Method 1: Use the %matplotlib inline Magic Command

The %matplotlib inline magic command is used within an IPython environment to render Matplotlib figures directly in the browser. It’s part of the IPython kernel and enables graphical outputs from Matplotlib to be displayed inline within Jupyter Notebooks. It’s straightforward and requires no additional setup.

Here’s an example:

%matplotlib inline
import matplotlib.pyplot as plt

plt.plot([1, 2, 3, 4])
plt.ylabel('some numbers')
plt.show()

The output is a matplotlib figure presented inline in the Jupyter Notebook.

This magic command makes figures appear inline immediately after the cell that produced them. The drawback: it must be run every time you start a new notebook session.

Method 2: Set Inline Backend with IPython Configuration

For users seeking a more permanent solution, IPython’s configuration options enable setting the default backend to ‘inline’ that gets run at the start of every IPython session. This needs to be set up once, and changes persist across sessions.

Here’s an example:

from IPython.core.interactiveshell import InteractiveShell
InteractiveShell.ast_node_interactivity = "all"

# This can be added to your ipython_config.py file:
c = get_config()
c.InteractiveShellApp.matplotlib = 'inline'

With this configuration, the IPython kernel will default to display Matplotlib figures inline.

This method configures IPython at a system level, meaning you don’t need to run %matplotlib inline explicitly. However, altering system-wide configuration might not be preferable for all users.

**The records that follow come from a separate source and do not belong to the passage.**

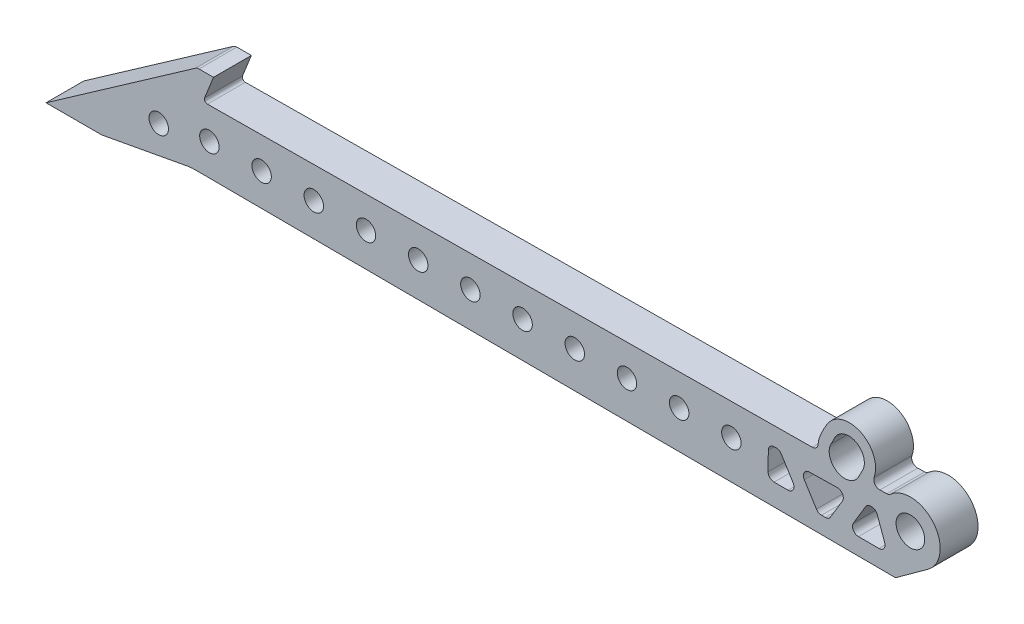
from build123d import *

# Parameters (mm, degrees)
SKETCH1_R           = 3.2639
SKETCH1_R_2         = 4.8025
BOSS_EXTRUDE1_DEPTH = 12.7
EXTRUDE_THIN1_DEPTH = 12.7
FILLET6_R           = 2
FILLET3_R           = 1
FILLET4_R           = 2
BOSS_EXTRUDE5_DEPTH = 12.7
CUT_EXTRUDE8_DEPTH  = 12.7
FILLET13_R          = 100
FILLET14_R          = 2
CUT_EXTRUDE9_DEPTH  = 12.7
FILLET16_R          = 2
BOSS_EXTRUDE6_DEPTH = 12.7
SKETCH18_R          = 3.2639
CUT_EXTRUDE10_DEPTH = 12.7
FILLET17_R          = 2
CUT_EXTRUDE11_DEPTH = 12.7
BOSS_EXTRUDE7_START = -12.7
BOSS_EXTRUDE7_DEPTH = 12.7
DELETEFACE1_DEPTH   = 12.7
MOVE_FACE1_DEPTH    = 12.7
MOVE_FACE1_2_DEPTH  = 12.7
MOVE_FACE2_DEPTH    = 12.7
MOVE_FACE2_2_DEPTH  = 12.7
SKETCH27_R          = 3.2639
CUT_EXTRUDE12_DEPTH = 12.7
FILLET18_R          = 15
FILLET19_R          = 1
FILLET20_R          = 2
MOVE_FACE3_DEPTH    = 12.7
MOVE_FACE3_2_DEPTH  = 12.7
FILLET21_R          = 2


# Read off the part's stored shape, not the designer's step: DeleteFace1, Move Face1, Move Face2, Move Face3
with BuildPart() as part:
    # Sketch1 → Boss-Extrude1 (new body)
    with BuildSketch(Plane.XY):
        with BuildLine():
            Line((-266.801436578, 66.762186411), (-251.101436578, 66.762186411))
            Line((-251.101436578, 66.762186411), (-241.101436578, 68.762186411))
            Line((-241.101436578, 68.762186411), (18.198563422, 71.262186411))
            Line((18.198563422, 71.262186411), (29.067448443, 79.140508783))
            ThreePointArc((29.067448443, 79.140508783), (30.773671377, 93.765412775), (16.057134994, 94.237186411))
            Line((16.057134994, 94.237186411), (-218.528848369, 87.762186411))
            Line((-218.528848369, 87.762186411), (-214.528848369, 97.762186411))
            Line((-214.528848369, 97.762186411), (-222.528848369, 97.762186411))
            Line((-222.528848369, 97.762186411), (-266.801436578, 66.762186411))
        make_face()
        with Locations((-211.801436578, 78.496276476)):
            Circle(SKETCH1_R, mode=Mode.SUBTRACT)
        with BuildLine():
            ThreePointArc((-197.554771535, 78.761405302), (-194.352166872, 82.085470554), (-191.028101621, 78.882865891))
            ThreePointArc((-191.028101621, 78.882865891), (-194.230706283, 75.55880064), (-197.554771535, 78.761405302))
        make_face(mode=Mode.SUBTRACT)
        with BuildLine():
            ThreePointArc((-180.044771535, 79.087264423), (-176.842166872, 82.411329675), (-173.518101621, 79.208725013))
            ThreePointArc((-173.518101621, 79.208725013), (-176.720706283, 75.884659761), (-180.044771535, 79.087264423))
        make_face(mode=Mode.SUBTRACT)
        with BuildLine():
            ThreePointArc((-162.534771535, 79.413123544), (-159.332166872, 82.737188796), (-156.008101621, 79.534584134))
            ThreePointArc((-156.008101621, 79.534584134), (-159.210706283, 76.210518882), (-162.534771535, 79.413123544))
        make_face(mode=Mode.SUBTRACT)
        with BuildLine():
            ThreePointArc((-145.024771535, 79.738982665), (-141.822166872, 83.063047917), (-138.498101621, 79.860443255))
            ThreePointArc((-138.498101621, 79.860443255), (-141.700706283, 76.536378003), (-145.024771535, 79.738982665))
        make_face(mode=Mode.SUBTRACT)
        with Locations((-124.251436578, 80.125572081)):
            Circle(SKETCH1_R, mode=Mode.SUBTRACT)
        with Locations((-106.744467891, 80.45137479)):
            Circle(SKETCH1_R, mode=Mode.SUBTRACT)
        with Locations((-89.237499204, 80.777177499)):
            Circle(SKETCH1_R, mode=Mode.SUBTRACT)
        with Locations((-71.727499204, 81.10303662)):
            Circle(SKETCH1_R, mode=Mode.SUBTRACT)
        with BuildLine():
            ThreePointArc((-56.754762895, 76.539814612), (-61.641816892, 81.290680691), (-56.935012167, 86.220185184))
            Line((-56.935012167, 86.220185184), (11.656299, 88.113430183))
            Line((11.656299, 88.113430183), (15.733532107, 77.238699061))
            Line((15.733532107, 77.238699061), (-56.754762895, 76.539814612))
        make_face(mode=Mode.SUBTRACT)
        with Locations((23.198563422, 87.237186411)):
            Circle(SKETCH1_R_2, mode=Mode.SUBTRACT)
    extrude(amount=BOSS_EXTRUDE1_DEPTH)

    # Sketch3 → Extrude-Thin1 (add)
    with BuildSketch(Plane.XY.offset(12.7)):
        Polygon((4.238515695, 91.06458037), (3.224088624, 89.340939538), (-3.171442721, 78.474116994), (-4.185869793, 76.750476162), (0.554142495, 73.960801716), (1.568569566, 75.684442548), (7.964100911, 86.551265092), (8.978527982, 88.274905924), align=None)
        Polygon((-7.406763076, 76.778305642), (-8.483669151, 78.463616684), (-15.08355213, 88.792145717), (-16.160458205, 90.477456759), (-20.795063569, 87.515965054), (-19.718157494, 85.830654012), (-13.118274515, 75.502124979), (-12.04136844, 73.816813937), align=None)
        Polygon((-55.789995158, 86.920345113), (-54.713089083, 85.235034072), (-48.113206103, 74.906505038), (-47.036300029, 73.221193997), (-42.401694665, 76.182685702), (-43.478600739, 77.867996743), (-50.078483719, 88.196525777), (-51.155389794, 89.881836818), align=None)
        Polygon((-30.756415894, 90.46896043), (-31.770842965, 88.745319598), (-38.16637431, 77.878497054), (-39.180801381, 76.154856222), (-34.440789094, 73.365181776), (-33.426362022, 75.088822608), (-27.030830678, 85.955645152), (-26.016403606, 87.679285984), align=None)
    extrude(amount=-EXTRUDE_THIN1_DEPTH)

    # Fillet6
    fillet6_edges = [part.edges().sort_by_distance(p)[0] for p in [
        (-7.55746183, 77.014142621, 6.35),
        (-14.193924314, 87.399916982, 6.35),
        (-38.852657232, 76.712414937, 6.35),
        (-32.865984778, 86.884534137, 6.35),
        (-32.434398171, 76.774295568, 6.35),
        (-26.378761772, 87.063593296, 6.35),
        (-49.203405679, 76.61261983, 6.35),
        (-55.370195509, 86.263376972, 6.35),
        (-42.716385675, 76.675163409, 6.35),
        (-48.956334512, 86.440411206, 6.35),
        (15.733532107, 77.238699061, 6.35),
        (11.656299, 88.113430183, 6.35),
        (-4.010566108, 77.048339456, 6.35),
        (2.350483264, 87.856572736, 6.35),
        (2.407692953, 77.110220087, 6.35),
        (8.83770627, 88.035631895, 6.35),
    ]]
    fillet(fillet6_edges, radius=FILLET6_R)

    # Fillet3
    fillet3_edges = [part.edges().sort_by_distance(p)[0] for p in [
        (-218.528848369, 87.762186411, 6.35),
    ]]
    fillet(fillet3_edges, radius=FILLET3_R)

    # Fillet4
    fillet4_edges = [part.edges().sort_by_distance(p)[0] for p in [
        (-222.528848369, 97.762186411, 6.35),
    ]]
    fillet(fillet4_edges, radius=FILLET4_R)

    # Sketch15 → Boss-Extrude5 (add)
    with BuildSketch(Plane(origin=(0, 0, 0), x_dir=(-1, 0, 0), z_dir=(0, 0, -1))):
        with BuildLine():
            ThreePointArc((-10.240564525, 95.177858348), (-9.91771052, 94.625214052), (-9.618412164, 94.059465945))
            Line((-9.618412164, 94.059465945), (-5.586658581, 93.948182209))
            ThreePointArc((-5.586658581, 93.948182209), (-6.060393003, 94.847345318), (-6.352002714, 95.820937828))
            ThreePointArc((-6.352002714, 95.820937828), (-4.888389862, 104.071201116), (2.646503395, 100.405905698))
            ThreePointArc((2.646503395, 100.405905698), (3.686135654, 98.752465403), (4.04944042, 96.833426662))
            ThreePointArc((4.04944042, 96.833426662), (3.785365476, 95.18933076), (3.019706577, 93.710630871))
            Line((3.019706577, 93.710630871), (7.309930071, 93.592212896))
            ThreePointArc((7.309930071, 93.592212896), (7.772330748, 96.70964865), (7.106994943, 99.790159701))
            ThreePointArc((7.106994943, 99.790159701), (6.028678087, 102.129209778), (4.770165569, 104.37644558))
            ThreePointArc((4.770165569, 104.37644558), (-7.334493094, 107.282517011), (-10.240564525, 95.177858348))
        make_face()
    extrude(amount=-BOSS_EXTRUDE5_DEPTH)

    # Sketch15<3> → Cut-Extrude8 (cut)
    with BuildSketch(Plane(origin=(0, 0, 0), x_dir=(-1, 0, 0), z_dir=(0, 0, -1))):
        with BuildLine():
            Line((3.019706577, 93.710630871), (-5.586658581, 93.948182209))
            ThreePointArc((-5.586658581, 93.948182209), (-1.345413965, 91.585425404), (3.019706577, 93.710630871))
        make_face()
    extrude(amount=-CUT_EXTRUDE8_DEPTH, mode=Mode.SUBTRACT)

    # Fillet13
    fillet13_edges = [part.edges().sort_by_distance(p)[0] for p in [
        (6.352002714, 95.820937828, 6.35),
        (-2.646503395, 100.405905698, 6.35),
    ]]
    fillet(fillet13_edges, radius=FILLET13_R)

    # Fillet14
    fillet14_edges = [part.edges().sort_by_distance(p)[0] for p in [
        (16.057134994, 94.237186411, 6.35),
        (-7.309930071, 93.592212896, 6.35),
        (9.618412164, 94.059465945, 6.35),
    ]]
    fillet(fillet14_edges, radius=FILLET14_R)

    # Sketch17 → Cut-Extrude9 (cut)
    with BuildSketch(Plane(origin=(0, 0, 0), x_dir=(-1, 0, 0), z_dir=(0, 0, -1))):
        Polygon((225.771163147, 83.894534568), (237.695045428, 75.54534231), (222.695045428, 75.689962442), align=None)
    extrude(amount=-CUT_EXTRUDE9_DEPTH, mode=Mode.SUBTRACT)

    # Fillet16
    fillet16_edges = [part.edges().sort_by_distance(p)[0] for p in [
        (-237.695045428, 75.54534231, 6.35),
        (-225.771163147, 83.894534568, 6.35),
        (-222.695045428, 75.689962442, 6.35),
    ]]
    fillet(fillet16_edges, radius=FILLET16_R)

    # Sketch20 → Boss-Extrude6 (add)
    with BuildSketch(Plane(origin=(0, 0, 0), x_dir=(-1, 0, 0), z_dir=(0, 0, -1))):
        Polygon((24.344481835, 87.119743124), (24.344481835, 76.852293218), (33.994868443, 72.80053303), (65.802348689, 76.852293218), (61.329456715, 89.562181047), align=None)
    extrude(amount=-BOSS_EXTRUDE6_DEPTH)

    # Sketch18 → Cut-Extrude10 (cut)
    with BuildSketch(Plane(origin=(0, 0, 0), x_dir=(-1, 0, 0), z_dir=(0, 0, -1))):
        with Locations((54.220530518, 81.428839328)):
            Circle(SKETCH18_R)
        with Locations((36.713561831, 81.754642037)):
            Circle(SKETCH18_R)
    extrude(amount=-CUT_EXTRUDE10_DEPTH, mode=Mode.SUBTRACT)

    # Fillet17
    fillet17_edges = [part.edges().sort_by_distance(p)[0] for p in [
        (-14.044481835, 76.951599042, 6.35),
        (-20.607785311, 87.222882748, 6.35),
        (-24.344481835, 76.852293218, 6.35),
        (-24.344481835, 87.119743124, 6.35),
    ]]
    fillet(fillet17_edges, radius=FILLET17_R)

    # Sketch21 → Cut-Extrude11 (cut)
    with BuildSketch(Plane(origin=(0, 0, 0), x_dir=(-1, 0, 0), z_dir=(0, 0, -1))):
        Polygon((-18.198563422, 71.262186411), (237.097520463, 68.800789536), (218.101436578, 72.320034463), align=None)
    extrude(amount=-CUT_EXTRUDE11_DEPTH, mode=Mode.SUBTRACT)

    # Sketch23 → Boss-Extrude7 (add)
    with BuildSketch(Plane(origin=(0, 0, 0), x_dir=(-1, 0, 0), z_dir=(0, 0, -1)).offset(BOSS_EXTRUDE7_START)):
        with BuildLine():
            Line((214.132797507, 93.43564849), (7.760879339, 95.236628935))
            ThreePointArc((7.760879339, 95.236628935), (8.411151209, 94.031058955), (9.684666066, 93.526665861))
            Line((9.684666066, 93.526665861), (217.007580476, 87.804176173))
            ThreePointArc((217.007580476, 87.804176173), (217.855425222, 88.231795195), (217.963648478, 89.175186136))
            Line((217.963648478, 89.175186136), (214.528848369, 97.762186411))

Method 3: Embed Inline Backend in the Notebook Metadata

Another approach is to embed configuration settings into the metadata of your Jupyter Notebook, dictating that Matplotlib inline backend be used for any session with that specific notebook.

Here’s an example:

{
 "cells": [
  ...
 ],
 "metadata": {
  "kernelspec": {
   ...
  },
  "language_info": {
   ...
  },
  "matplotlib": {
   "inline": true
  }
 },
 "nbformat": 4,
 "nbformat_minor": 2
}

With this metadata set, Jupyter will automatically use the inline backend for Matplotlib when the notebook is opened.

This method provides the convenience of not running additional commands at the start of each session, but only applies to individual notebooks rather than globally.

Method 4: Startup Files for IPython Profiles

IPython profiles can contain startup files that execute when a new IPython session is started. Creating a startup file dedicated to setting the Matplotlib backend to inline will eliminate the need for manual input each time.

Here’s an example:

# File: ~/.ipython/profile_default/startup/00-inline-matplotlib.py

import matplotlib
matplotlib.use('inline')

Upon initialization of the IPython session, Matplotlib is configured to display figures inline.

This method offers a balance, applying settings at start time without modifying system-wide settings, but is not as granular as configuring individual notebooks.

Bonus One-Liner Method 5: Executing Inline Magic inside a Python Script

For an in-between solution, you may include the inline magic command directly into your Python scripts which are run in a Jupyter Notebook environment, allowing for more dynamic control.

Here’s an example:

get_ipython().run_line_magic('matplotlib', 'inline')

This line of code, when included in a Python script, triggers the IPython environment to render Matplotlib output inline.

This one-liner is a good hack for script-based workflows, but it couples your code to the IPython environment, which may affect portability.

Summary/Discussion

  • Method 1: IPython Magic Command. Easy to use. Non-persistent.
  • Method 2: IPython Configuration. Persistent across sessions. Requires initial setup.
  • Method 3: Notebook Metadata. Configuration is notebook-specific. Transparent to the user.
  • Method 4: IPython Startup Files. Semi-global setting. It does not affect the system-wide configuration.
  • Method 5: Python Script Inline Magic. Dynamic and script-based. Tightly couples code with the Jupyter environment.